# I can crack/pop my ass/glutes . Well me tailbone, hips(?). It feels really good.



## Fruity

*I can crack/pop my ass/glutes . Well me tailbone, hips(?). It feels really good.*

Tutorial.
I do so by squeezing my buttocks as hard as I can and trusting forward. 

Effects.
It feels great but its become quite the habit. Neck crackers may now that terrible feeling of having a stiff neck and resisting the urge to crack it, but then once you'v cracked it, its like the best feeling ever. Its very similar here just the urge can be a lot greater. 
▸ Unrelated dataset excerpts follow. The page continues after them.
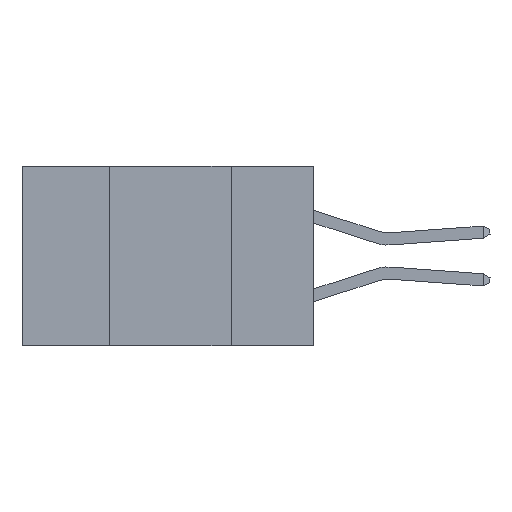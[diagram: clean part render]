
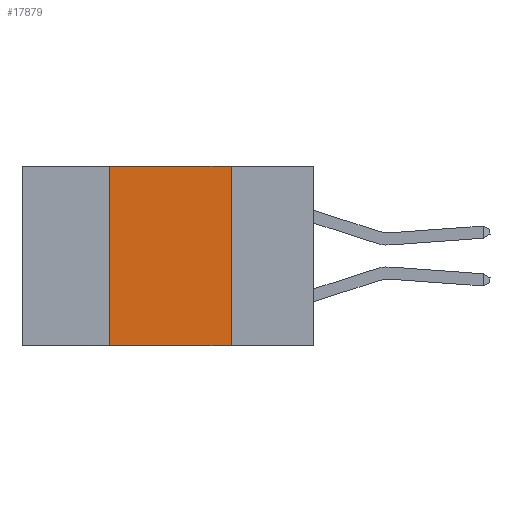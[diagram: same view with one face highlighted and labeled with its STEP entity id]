
A CAD part, left-side view. The second image highlights one B-rep face of the part: STEP entity #17879.
In plain terms, the highlighted planar face has unit normal (-1, 0, 0).
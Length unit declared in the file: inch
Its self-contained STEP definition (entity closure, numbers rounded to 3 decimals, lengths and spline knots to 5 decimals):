
#126 = CARTESIAN_POINT ( 'NONE',  ( 0., 0.17, 0. ) ) ;
#340 = DIRECTION ( 'NONE',  ( 0., -1., 0. ) ) ;
#814 = EDGE_CURVE ( 'NONE', #30340, #9280, #5061, .T. ) ;
#2566 = VECTOR ( 'NONE', #340, 39.37008 ) ;
#3492 = DIRECTION ( 'NONE',  ( 0., 0., 1. ) ) ;
#3758 = CARTESIAN_POINT ( 'NONE',  ( 0., 0.6, 0. ) ) ;
#4414 = CARTESIAN_POINT ( 'NONE',  ( 0., 0.42, 0. ) ) ;
#4678 = VECTOR ( 'NONE', #14829, 39.37008 ) ;
#5061 = LINE ( 'NONE', #17456, #4678 ) ;
#5844 = LINE ( 'NONE', #3758, #27202 ) ;
#6573 = VECTOR ( 'NONE', #3492, 39.37008 ) ;
#7247 = ORIENTED_EDGE ( 'NONE', *, *, #814, .F. ) ;
#8293 = DIRECTION ( 'NONE',  ( 1., 0., 0. ) ) ;
#9280 = VERTEX_POINT ( 'NONE', #23085 ) ;
#10735 = LINE ( 'NONE', #14558, #2566 ) ;
#11069 = VERTEX_POINT ( 'NONE', #4414 ) ;
#12055 = EDGE_CURVE ( 'NONE', #18950, #9280, #10735, .T. ) ;
#13063 = CARTESIAN_POINT ( 'NONE',  ( 0., 0.42, 0. ) ) ;
#14558 = CARTESIAN_POINT ( 'NONE',  ( 0., 0.6, -0.37 ) ) ;
#14691 = LINE ( 'NONE', #13063, #6573 ) ;
#14829 = DIRECTION ( 'NONE',  ( 0., 0., -1. ) ) ;
#15977 = DIRECTION ( 'NONE',  ( 0., -1., 0. ) ) ;
#17456 = CARTESIAN_POINT ( 'NONE',  ( 0., 0.17, 0. ) ) ;
#17879 = ADVANCED_FACE ( 'NONE', ( #25941 ), #27378, .F. ) ;
#18950 = VERTEX_POINT ( 'NONE', #28983 ) ;
#22193 = ORIENTED_EDGE ( 'NONE', *, *, #29345, .F. ) ;
#22463 = CARTESIAN_POINT ( 'NONE',  ( 0., 0.6, 0. ) ) ;
#23085 = CARTESIAN_POINT ( 'NONE',  ( 0., 0.17, -0.37 ) ) ;
#23094 = AXIS2_PLACEMENT_3D ( 'NONE', #22463, #8293, #27174 ) ;
#23434 = EDGE_CURVE ( 'NONE', #11069, #30340, #5844, .T. ) ;
#25941 = FACE_OUTER_BOUND ( 'NONE', #30562, .T. ) ;
#26718 = ORIENTED_EDGE ( 'NONE', *, *, #12055, .T. ) ;
#27174 = DIRECTION ( 'NONE',  ( 0., 0., -1. ) ) ;
#27202 = VECTOR ( 'NONE', #15977, 39.37008 ) ;
#27378 = PLANE ( 'NONE',  #23094 ) ;
#27771 = ORIENTED_EDGE ( 'NONE', *, *, #23434, .F. ) ;
#28983 = CARTESIAN_POINT ( 'NONE',  ( 0., 0.42, -0.37 ) ) ;
#29345 = EDGE_CURVE ( 'NONE', #18950, #11069, #14691, .T. ) ;
#30340 = VERTEX_POINT ( 'NONE', #126 ) ;
#30562 = EDGE_LOOP ( 'NONE', ( #7247, #27771, #22193, #26718 ) ) ;

And here's a very interesting paragraph someone wrote 

*TS, the sound you are hearing is most likely your iliotibial band (IT band) passing over the outcropping of your hip bone. It's very normal. Some people's IT bands are so flexible that they easily pass over the hip bone. You can eliminate it entirely by doing stretches and strengthening exercises. But, as soon as you stop your exercises, it will return. Exercises that come to mind are hydrants, the hip abductor/adductor machines at the gym, and a lot of thai kicks and stretching. 

As for the analogy to the knuckles, no, that appears to be a different mechanism. Right now the most accepted theory on knuckle popping is nitrous gases escaping quickly through air pockets in the knuckle, and is generally considered harmless. Though I'm not a physician so take with a grain of salt.*


Does anyone else agree with this mans conclusion ?


----------



## Fruity

I forgot to mention that this can also be done when laying down.


----------



## Azog

What the **** dis is?


----------



## deadlift666

I let my chiropractor do it. But sometimes I can crack it while laying down.


----------



## Fruity

Deadlift666@ how does your chiropractor achieve that and how does it feel ?

Also shrugs@ I'll shrug right back at you, and lawyer. 


The main reason I made this thread is because the more I do it the harder it becomes. Like now I have to really force a crack out but if I don't bother, I have that feeling again, you know when you really wanna scratch your feet or crack your neck

Also it not just one crack, its like 10 little cracks simultaneously, so godly


----------



## deadlift666

It feels great.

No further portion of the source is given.